They called it the Tour of Tours. A race that had it all. An underdog attempting to depose the veteran champion, their intense rivalry dividing a nation. Wild swings in fortune. Disastrous lapses of judgment. Daring attacks and counterattacks. Race-changing mechanicals. A mystic predicting the defending champion’s death. And a result that remained in doubt until the dying seconds of the final stage. The year was 1964, the rivals were Jacques Anquetil and Raymond Poulidor, and their duel came to a dramatic climax on the lava-hot slopes of the Puy de Dôme mountain. You had to be there to believe it really happened….
* * *
Sunday, July 12, 1964 was one of those days that sticks in your mind—even if it was a half-century ago. In following that Tour de France by bike since its second day, I’d already seen the race a dozen times, including several highlights: Federico Bahamontès attacking up the Galibier in the Alps, Jacques Anquetil winning a time trial on the Côte d’Azur in a heat wave, and Bahamontès (again) making a solo breakaway over the Tourmalet in the Pyrénées.
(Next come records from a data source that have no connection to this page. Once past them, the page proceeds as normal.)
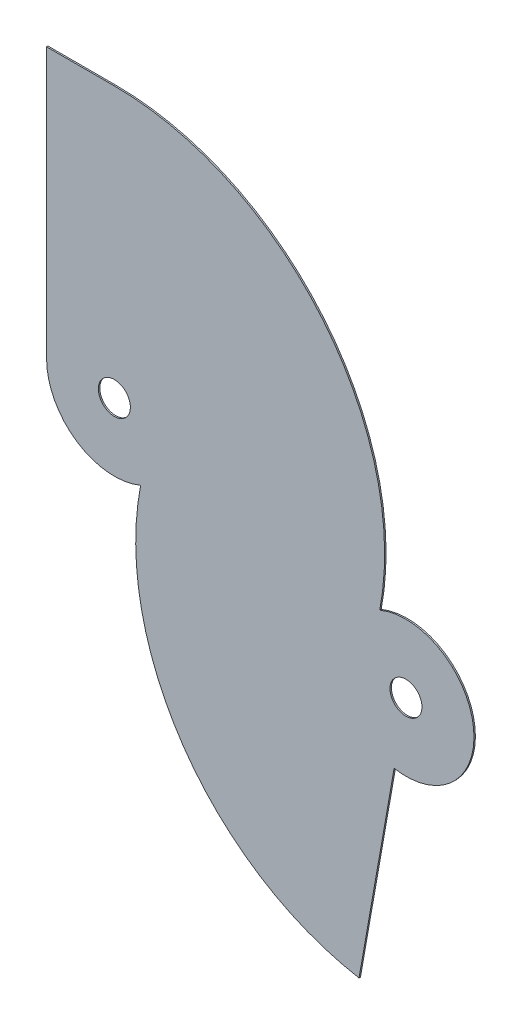
ISO-10303-21;
HEADER;
FILE_DESCRIPTION(('STEP AP214'),'2;1');
FILE_NAME('part.step','',(''),(''),'','','');
FILE_SCHEMA(('AUTOMOTIVE_DESIGN { 1 0 10303 214 1 1 1 1 }'));
ENDSEC;
DATA;
#1=APPLICATION_CONTEXT('core data for automotive mechanical design processes');
#2=APPLICATION_PROTOCOL_DEFINITION('international standard','automotive_design',2000,#1);
#3=PRODUCT_CONTEXT('',#1,'mechanical');
#4=PRODUCT('Part','Part','',(#3));
#5=PRODUCT_RELATED_PRODUCT_CATEGORY('part','',(#4));
#6=PRODUCT_DEFINITION_FORMATION('','',#4);
#7=PRODUCT_DEFINITION_CONTEXT('part definition',#1,'design');
#8=PRODUCT_DEFINITION('design','',#6,#7);
#9=PRODUCT_DEFINITION_SHAPE('','',#8);
#10=(LENGTH_UNIT() NAMED_UNIT(*) SI_UNIT(.MILLI.,.METRE.));
#11=(NAMED_UNIT(*) PLANE_ANGLE_UNIT() SI_UNIT($,.RADIAN.));
#12=(NAMED_UNIT(*) SI_UNIT($,.STERADIAN.) SOLID_ANGLE_UNIT());
#13=UNCERTAINTY_MEASURE_WITH_UNIT(LENGTH_MEASURE(1.E-05),#10,'distance_accuracy_value','');
#14=(GEOMETRIC_REPRESENTATION_CONTEXT(3) GLOBAL_UNCERTAINTY_ASSIGNED_CONTEXT((#13)) GLOBAL_UNIT_ASSIGNED_CONTEXT((#10,
#11,#12)) REPRESENTATION_CONTEXT('',''));
#15=CARTESIAN_POINT('',(0.,0.,0.));
#16=DIRECTION('',(0.,0.,1.));
#17=DIRECTION('',(1.,0.,0.));
#18=AXIS2_PLACEMENT_3D('',#15,#16,#17);
#19=CARTESIAN_POINT('',(0.,0.,1.27));
#20=DIRECTION('',(0.,0.,-1.));
#21=DIRECTION('',(-1.,0.,0.));
#22=AXIS2_PLACEMENT_3D('',#19,#20,#21);
#23=PLANE('',#22);
#24=CARTESIAN_POINT('',(82.55,355.6,1.27));
#25=DIRECTION('',(0.,0.,-1.));
#26=DIRECTION('',(-1.,0.,0.));
#27=AXIS2_PLACEMENT_3D('',#24,#25,#26);
#28=CIRCLE('',#27,14.2875);
#29=CARTESIAN_POINT('',(68.2625,355.6,1.27));
#30=VERTEX_POINT('',#29);
#31=EDGE_CURVE('E12',#30,#30,#28,.T.);
#32=ORIENTED_EDGE('',*,*,#31,.T.);
#33=EDGE_LOOP('',(#32));
#34=FACE_BOUND('',#33,.T.);
#35=CARTESIAN_POINT('',(342.9,254.,1.27));
#36=DIRECTION('',(0.,0.,-1.));
#37=DIRECTION('',(-1.,0.,0.));
#38=AXIS2_PLACEMENT_3D('',#35,#36,#37);
#39=CIRCLE('',#38,14.2875);
#40=CARTESIAN_POINT('',(328.6125,254.,1.27));
#41=VERTEX_POINT('',#40);
#42=EDGE_CURVE('E149',#41,#41,#39,.T.);
#43=ORIENTED_EDGE('',*,*,#42,.T.);
#44=EDGE_LOOP('',(#43));
#45=FACE_BOUND('',#44,.T.);
#46=CARTESIAN_POINT('',(342.9,254.,1.27));
#47=DIRECTION('',(0.,0.,-1.));
#48=DIRECTION('',(-1.,0.,0.));
#49=AXIS2_PLACEMENT_3D('',#46,#47,#48);
#50=CIRCLE('',#49,241.3);
#51=CARTESIAN_POINT('',(300.998694728969,16.3658891981543,1.27));
#52=VERTEX_POINT('',#51);
#53=CARTESIAN_POINT('',(105.98760735489,299.806202758677,1.27));
#54=VERTEX_POINT('',#53);
#55=EDGE_CURVE('E146',#52,#54,#50,.T.);
#56=ORIENTED_EDGE('',*,*,#55,.F.);
#57=DIRECTION('',(-0.173648177666933,-0.984807753012208,0.));
#58=VECTOR('',#57,1.);
#59=CARTESIAN_POINT('',(289.123741631383,-50.980316412997,1.27));
#60=LINE('',#59,#58);
#61=CARTESIAN_POINT('',(332.352291021623,194.180969832314,1.27));
#62=VERTEX_POINT('',#61);
#63=EDGE_CURVE('E144',#62,#52,#60,.T.);
#64=ORIENTED_EDGE('',*,*,#63,.F.);
#65=CARTESIAN_POINT('',(342.9,254.,1.27));
#66=DIRECTION('',(0.,0.,-1.));
#67=DIRECTION('',(-1.,0.,0.));
#68=AXIS2_PLACEMENT_3D('',#65,#66,#67);
#69=CIRCLE('',#68,60.741835129465);
#70=CARTESIAN_POINT('',(319.513573184935,310.059304095919,1.27));
#71=VERTEX_POINT('',#70);
#72=EDGE_CURVE('E142',#71,#62,#69,.T.);
#73=ORIENTED_EDGE('',*,*,#72,.F.);
#74=CARTESIAN_POINT('',(82.55,355.6,1.27));
#75=DIRECTION('',(0.,0.,-1.));
#76=DIRECTION('',(-1.,0.,0.));
#77=AXIS2_PLACEMENT_3D('',#74,#75,#76);
#78=CIRCLE('',#77,241.3);
#79=CARTESIAN_POINT('',(82.3088917157141,596.899879541609,1.27));
#80=VERTEX_POINT('',#79);
#81=EDGE_CURVE('E140',#80,#71,#78,.T.);
#82=ORIENTED_EDGE('',*,*,#81,.F.);
#83=DIRECTION('',(1.,0.,0.));
#84=VECTOR('',#83,1.);
#85=CARTESIAN_POINT('',(0.,596.899879541609,1.27));
#86=LINE('',#85,#84);
#87=CARTESIAN_POINT('',(22.0333142916122,596.899879541609,1.27));
#88=VERTEX_POINT('',#87);
#89=EDGE_CURVE('E138',#88,#80,#86,.T.);
#90=ORIENTED_EDGE('',*,*,#89,.F.);
#91=DIRECTION('',(0.,1.,0.));
#92=VECTOR('',#91,1.);
#93=CARTESIAN_POINT('',(22.0333142916121,0.,1.27));
#94=LINE('',#93,#92);
#95=CARTESIAN_POINT('',(22.0333142916121,355.6,1.27));
#96=VERTEX_POINT('',#95);
#97=EDGE_CURVE('E96',#96,#88,#94,.T.);
#98=ORIENTED_EDGE('',*,*,#97,.F.);
#99=CARTESIAN_POINT('',(82.55,355.6,1.27));
#100=DIRECTION('',(0.,0.,-1.));
#101=DIRECTION('',(-1.,0.,0.));
#102=AXIS2_PLACEMENT_3D('',#99,#100,#101);
#103=CIRCLE('',#102,60.5166857083879);
#104=EDGE_CURVE('E128',#54,#96,#103,.T.);
#105=ORIENTED_EDGE('',*,*,#104,.F.);
#106=EDGE_LOOP('',(#56,#64,#73,#82,#90,#98,#105));
#107=FACE_BOUND('',#106,.T.);
#108=ADVANCED_FACE('F34',(#34,#45,#107),#23,.F.);
#109=CARTESIAN_POINT('',(0.,0.,0.));
#110=DIRECTION('',(0.,0.,-1.));
#111=DIRECTION('',(-1.,0.,0.));
#112=AXIS2_PLACEMENT_3D('',#109,#110,#111);
#113=PLANE('',#112);
#114=CARTESIAN_POINT('',(82.55,355.6,0.));
#115=DIRECTION('',(0.,0.,-1.));
#116=DIRECTION('',(-1.,0.,0.));
#117=AXIS2_PLACEMENT_3D('',#114,#115,#116);
#118=CIRCLE('',#117,14.2875);
#119=CARTESIAN_POINT('',(68.2625,355.6,0.));
#120=VERTEX_POINT('',#119);
#121=EDGE_CURVE('E38',#120,#120,#118,.T.);
#122=ORIENTED_EDGE('',*,*,#121,.F.);
#123=EDGE_LOOP('',(#122));
#124=FACE_BOUND('',#123,.T.);
#125=CARTESIAN_POINT('',(342.9,254.,0.));
#126=DIRECTION('',(0.,0.,-1.));
#127=DIRECTION('',(-1.,0.,0.));
#128=AXIS2_PLACEMENT_3D('',#125,#126,#127);
#129=CIRCLE('',#128,14.2875);
#130=CARTESIAN_POINT('',(328.6125,254.,0.));
#131=VERTEX_POINT('',#130);
#132=EDGE_CURVE('E148',#131,#131,#129,.T.);
#133=ORIENTED_EDGE('',*,*,#132,.F.);
#134=EDGE_LOOP('',(#133));
#135=FACE_BOUND('',#134,.T.);
#136=DIRECTION('',(-0.173648177666933,-0.984807753012207,0.));
#137=VECTOR('',#136,1.);
#138=CARTESIAN_POINT('',(332.352291021623,194.180969832314,0.));
#139=LINE('',#138,#137);
#140=CARTESIAN_POINT('',(332.352291021623,194.180969832314,0.));
#141=VERTEX_POINT('',#140);
#142=CARTESIAN_POINT('',(300.998694728969,16.3658891981543,0.));
#143=VERTEX_POINT('',#142);
#144=EDGE_CURVE('E124',#141,#143,#139,.T.);
#145=ORIENTED_EDGE('',*,*,#144,.T.);
#146=CARTESIAN_POINT('',(342.9,254.,0.));
#147=DIRECTION('',(0.,0.,-1.));
#148=DIRECTION('',(1.,0.,0.));
#149=AXIS2_PLACEMENT_3D('',#146,#147,#148);
#150=CIRCLE('',#149,241.3);
#151=CARTESIAN_POINT('',(105.98760735489,299.806202758677,0.));
#152=VERTEX_POINT('',#151);
#153=EDGE_CURVE('E116',#143,#152,#150,.T.);
#154=ORIENTED_EDGE('',*,*,#153,.T.);
#155=CARTESIAN_POINT('',(82.55,355.6,0.));
#156=DIRECTION('',(0.,0.,-1.));
#157=DIRECTION('',(-1.,0.,0.));
#158=AXIS2_PLACEMENT_3D('',#155,#156,#157);
#159=CIRCLE('',#158,60.5166857083879);
#160=CARTESIAN_POINT('',(22.0333142916121,355.6,0.));
#161=VERTEX_POINT('',#160);
#162=EDGE_CURVE('E114',#152,#161,#159,.T.);
#163=ORIENTED_EDGE('',*,*,#162,.T.);
#164=DIRECTION('',(0.,1.,0.));
#165=VECTOR('',#164,1.);
#166=CARTESIAN_POINT('',(22.0333142916121,355.6,0.));
#167=LINE('',#166,#165);
#168=CARTESIAN_POINT('',(22.0333142916122,596.899879541609,0.));
#169=VERTEX_POINT('',#168);
#170=EDGE_CURVE('E57',#161,#169,#167,.T.);
#171=ORIENTED_EDGE('',*,*,#170,.T.);
#172=DIRECTION('',(1.,0.,0.));
#173=VECTOR('',#172,1.);
#174=CARTESIAN_POINT('',(22.0333142916122,596.899879541609,0.));
#175=LINE('',#174,#173);
#176=CARTESIAN_POINT('',(82.3088917157141,596.899879541609,0.));
#177=VERTEX_POINT('',#176);
#178=EDGE_CURVE('E103',#169,#177,#175,.T.);
#179=ORIENTED_EDGE('',*,*,#178,.T.);
#180=CARTESIAN_POINT('',(82.55,355.6,0.));
#181=DIRECTION('',(0.,0.,-1.));
#182=DIRECTION('',(1.,0.,0.));
#183=AXIS2_PLACEMENT_3D('',#180,#181,#182);
#184=CIRCLE('',#183,241.3);
#185=CARTESIAN_POINT('',(319.513573184935,310.059304095919,0.));
#186=VERTEX_POINT('',#185);
#187=EDGE_CURVE('E109',#177,#186,#184,.T.);
#188=ORIENTED_EDGE('',*,*,#187,.T.);
#189=CARTESIAN_POINT('',(342.9,254.,0.));
#190=DIRECTION('',(0.,0.,-1.));
#191=DIRECTION('',(-1.,0.,0.));
#192=AXIS2_PLACEMENT_3D('',#189,#190,#191);
#193=CIRCLE('',#192,60.741835129465);
#194=EDGE_CURVE('E121',#186,#141,#193,.T.);
#195=ORIENTED_EDGE('',*,*,#194,.T.);
#196=EDGE_LOOP('',(#145,#154,#163,#171,#179,#188,#195));
#197=FACE_BOUND('',#196,.T.);
#198=ADVANCED_FACE('F36',(#124,#135,#197),#113,.T.);
#199=CARTESIAN_POINT('',(82.55,355.6,1.27));
#200=DIRECTION('',(0.,0.,-1.));
#201=DIRECTION('',(-1.,0.,0.));
#202=AXIS2_PLACEMENT_3D('',#199,#200,#201);
#203=CYLINDRICAL_SURFACE('',#202,14.2875);
#204=ORIENTED_EDGE('',*,*,#31,.F.);
#205=EDGE_LOOP('',(#204));
#206=FACE_BOUND('',#205,.T.);
#207=ORIENTED_EDGE('',*,*,#121,.T.);
#208=EDGE_LOOP('',(#207));
#209=FACE_BOUND('',#208,.T.);
#210=ADVANCED_FACE('F158',(#206,#209),#203,.F.);
#211=CARTESIAN_POINT('',(342.9,254.,1.27));
#212=DIRECTION('',(0.,0.,-1.));
#213=DIRECTION('',(-1.,0.,0.));
#214=AXIS2_PLACEMENT_3D('',#211,#212,#213);
#215=CYLINDRICAL_SURFACE('',#214,14.2875);
#216=ORIENTED_EDGE('',*,*,#42,.F.);
#217=EDGE_LOOP('',(#216));
#218=FACE_BOUND('',#217,.T.);
#219=ORIENTED_EDGE('',*,*,#132,.T.);
#220=EDGE_LOOP('',(#219));
#221=FACE_BOUND('',#220,.T.);
#222=ADVANCED_FACE('F155',(#218,#221),#215,.F.);
#223=CARTESIAN_POINT('',(342.9,254.,2.54));
#224=DIRECTION('',(0.,0.,-1.));
#225=DIRECTION('',(-1.,0.,0.));
#226=AXIS2_PLACEMENT_3D('',#223,#224,#225);
#227=CYLINDRICAL_SURFACE('',#226,241.3);
#228=ORIENTED_EDGE('',*,*,#55,.T.);
#229=DIRECTION('',(0.,0.,-1.));
#230=VECTOR('',#229,1.);
#231=CARTESIAN_POINT('',(105.98760735489,299.806202758677,2.54));
#232=LINE('',#231,#230);
#233=EDGE_CURVE('E49',#54,#152,#232,.T.);
#234=ORIENTED_EDGE('',*,*,#233,.T.);
#235=ORIENTED_EDGE('',*,*,#153,.F.);
#236=DIRECTION('',(0.,0.,-1.));
#237=VECTOR('',#236,1.);
#238=CARTESIAN_POINT('',(300.998694728969,16.3658891981543,2.54));
#239=LINE('',#238,#237);
#240=EDGE_CURVE('E126',#52,#143,#239,.T.);
#241=ORIENTED_EDGE('',*,*,#240,.F.);
#242=EDGE_LOOP('',(#228,#234,#235,#241));
#243=FACE_BOUND('',#242,.T.);
#244=ADVANCED_FACE('F176',(#243),#227,.T.);
#245=CARTESIAN_POINT('',(332.352291021623,194.180969832314,2.54));
#246=DIRECTION('',(0.984807753012207,-0.173648177666933,0.));
#247=DIRECTION('',(0.173648177666933,0.984807753012208,0.));
#248=AXIS2_PLACEMENT_3D('',#245,#246,#247);
#249=PLANE('',#248);
#250=ORIENTED_EDGE('',*,*,#63,.T.);
#251=ORIENTED_EDGE('',*,*,#240,.T.);
#252=ORIENTED_EDGE('',*,*,#144,.F.);
#253=DIRECTION('',(0.,0.,-1.));
#254=VECTOR('',#253,1.);
#255=CARTESIAN_POINT('',(332.352291021623,194.180969832314,2.54));
#256=LINE('',#255,#254);
#257=EDGE_CURVE('E129',#62,#141,#256,.T.);
#258=ORIENTED_EDGE('',*,*,#257,.F.);
#259=EDGE_LOOP('',(#250,#251,#252,#258));
#260=FACE_BOUND('',#259,.T.);
#261=ADVANCED_FACE('F180',(#260),#249,.T.);
#262=CARTESIAN_POINT('',(342.9,254.,2.54));
#263=DIRECTION('',(0.,0.,-1.));
#264=DIRECTION('',(-1.,0.,0.));
#265=AXIS2_PLACEMENT_3D('',#262,#263,#264);
#266=CYLINDRICAL_SURFACE('',#265,60.741835129465);
#267=ORIENTED_EDGE('',*,*,#72,.T.);
#268=ORIENTED_EDGE('',*,*,#257,.T.);
#269=ORIENTED_EDGE('',*,*,#194,.F.);
#270=DIRECTION('',(0.,0.,-1.));
#271=VECTOR('',#270,1.);
#272=CARTESIAN_POINT('',(319.513573184935,310.059304095919,2.54));
#273=LINE('',#272,#271);
#274=EDGE_CURVE('E131',#71,#186,#273,.T.);
#275=ORIENTED_EDGE('',*,*,#274,.F.);
#276=EDGE_LOOP('',(#267,#268,#269,#275));
#277=FACE_BOUND('',#276,.T.);
#278=ADVANCED_FACE('F192',(#277),#266,.T.);
#279=CARTESIAN_POINT('',(82.55,355.6,2.54));
#280=DIRECTION('',(0.,0.,-1.));
#281=DIRECTION('',(-1.,0.,0.));
#282=AXIS2_PLACEMENT_3D('',#279,#280,#281);
#283=CYLINDRICAL_SURFACE('',#282,241.3);
#284=ORIENTED_EDGE('',*,*,#81,.T.);
#285=ORIENTED_EDGE('',*,*,#274,.T.);
#286=ORIENTED_EDGE('',*,*,#187,.F.);
#287=DIRECTION('',(0.,0.,-1.));
#288=VECTOR('',#287,1.);
#289=CARTESIAN_POINT('',(82.3088917157141,596.899879541609,2.54));
#290=LINE('',#289,#288);
#291=EDGE_CURVE('E99',#80,#177,#290,.T.);
#292=ORIENTED_EDGE('',*,*,#291,.F.);
#293=EDGE_LOOP('',(#284,#285,#286,#292));
#294=FACE_BOUND('',#293,.T.);
#295=ADVANCED_FACE('F189',(#294),#283,.T.);
#296=CARTESIAN_POINT('',(22.0333142916122,596.899879541609,2.54));
#297=DIRECTION('',(0.,1.,0.));
#298=DIRECTION('',(0.,0.,1.));
#299=AXIS2_PLACEMENT_3D('',#296,#297,#298);
#300=PLANE('',#299);
#301=ORIENTED_EDGE('',*,*,#89,.T.);
#302=ORIENTED_EDGE('',*,*,#291,.T.);
#303=ORIENTED_EDGE('',*,*,#178,.F.);
#304=DIRECTION('',(0.,0.,-1.));
#305=VECTOR('',#304,1.);
#306=CARTESIAN_POINT('',(22.0333142916122,596.899879541609,2.54));
#307=LINE('',#306,#305);
#308=EDGE_CURVE('E92',#88,#169,#307,.T.);
#309=ORIENTED_EDGE('',*,*,#308,.F.);
#310=EDGE_LOOP('',(#301,#302,#303,#309));
#311=FACE_BOUND('',#310,.T.);
#312=ADVANCED_FACE('F104',(#311),#300,.T.);
#313=CARTESIAN_POINT('',(22.0333142916121,355.6,2.54));
#314=DIRECTION('',(-1.,0.,0.));
#315=DIRECTION('',(0.,-1.,0.));
#316=AXIS2_PLACEMENT_3D('',#313,#314,#315);
#317=PLANE('',#316);
#318=ORIENTED_EDGE('',*,*,#97,.T.);
#319=ORIENTED_EDGE('',*,*,#308,.T.);
#320=ORIENTED_EDGE('',*,*,#170,.F.);
#321=DIRECTION('',(0.,0.,-1.));
#322=VECTOR('',#321,1.);
#323=CARTESIAN_POINT('',(22.0333142916121,355.6,2.54));
#324=LINE('',#323,#322);
#325=EDGE_CURVE('E100',#96,#161,#324,.T.);
#326=ORIENTED_EDGE('',*,*,#325,.F.);
#327=EDGE_LOOP('',(#318,#319,#320,#326));
#328=FACE_BOUND('',#327,.T.);
#329=ADVANCED_FACE('F94',(#328),#317,.T.);
#330=CARTESIAN_POINT('',(82.55,355.6,2.54));
#331=DIRECTION('',(0.,0.,-1.));
#332=DIRECTION('',(-1.,0.,0.));
#333=AXIS2_PLACEMENT_3D('',#330,#331,#332);
#334=CYLINDRICAL_SURFACE('',#333,60.5166857083879);
#335=ORIENTED_EDGE('',*,*,#104,.T.);
#336=ORIENTED_EDGE('',*,*,#325,.T.);
#337=ORIENTED_EDGE('',*,*,#162,.F.);
#338=ORIENTED_EDGE('',*,*,#233,.F.);
#339=EDGE_LOOP('',(#335,#336,#337,#338));
#340=FACE_BOUND('',#339,.T.);
#341=ADVANCED_FACE('F182',(#340),#334,.T.);
#342=CLOSED_SHELL('',(#108,#198,#210,#222,#244,#261,#278,#295,#312,#329,#341));
#343=MANIFOLD_SOLID_BREP('B2',#342);
#344=ADVANCED_BREP_SHAPE_REPRESENTATION('',(#18,#343),#14);
#345=SHAPE_DEFINITION_REPRESENTATION(#9,#344);
ENDSEC;
END-ISO-10303-21;

Now I was riding across the incessant ups and downs of the vast Massif Central plateau, heading toward the Puy de Dôme. It was a perfect day of sunshine and blue sky, and for what seemed like hours I could see the blue-green, whale-like outline of the Puy, a dormant volcano, shimmering in the distance. As I came closer, riding past parked cars and knots of fans walking to the mountain, the expectation in the air was palpable—the French gendarmerie would later estimate the day’s crowd at 500,000.

Most of them were working-class fans, the so-called Poulidoristes, whose hero’s home near Limoges was only two hours away. They loved Poulidor because he was a man of the earth who left school at 14, worked long hours on the family farm, and served his country in the Algerian War before becoming a professional cyclist. In contrast, the Anquetiliens were more educated supporters from the cities. Even though Anquetil was the son of a strawberry grower, he soon earned a small fortune by winning pro races in his teens, and acquired sophisticated friends who liked to drink good wine and play cards at the old manor house he bought overlooking the Seine River in his native Normandy.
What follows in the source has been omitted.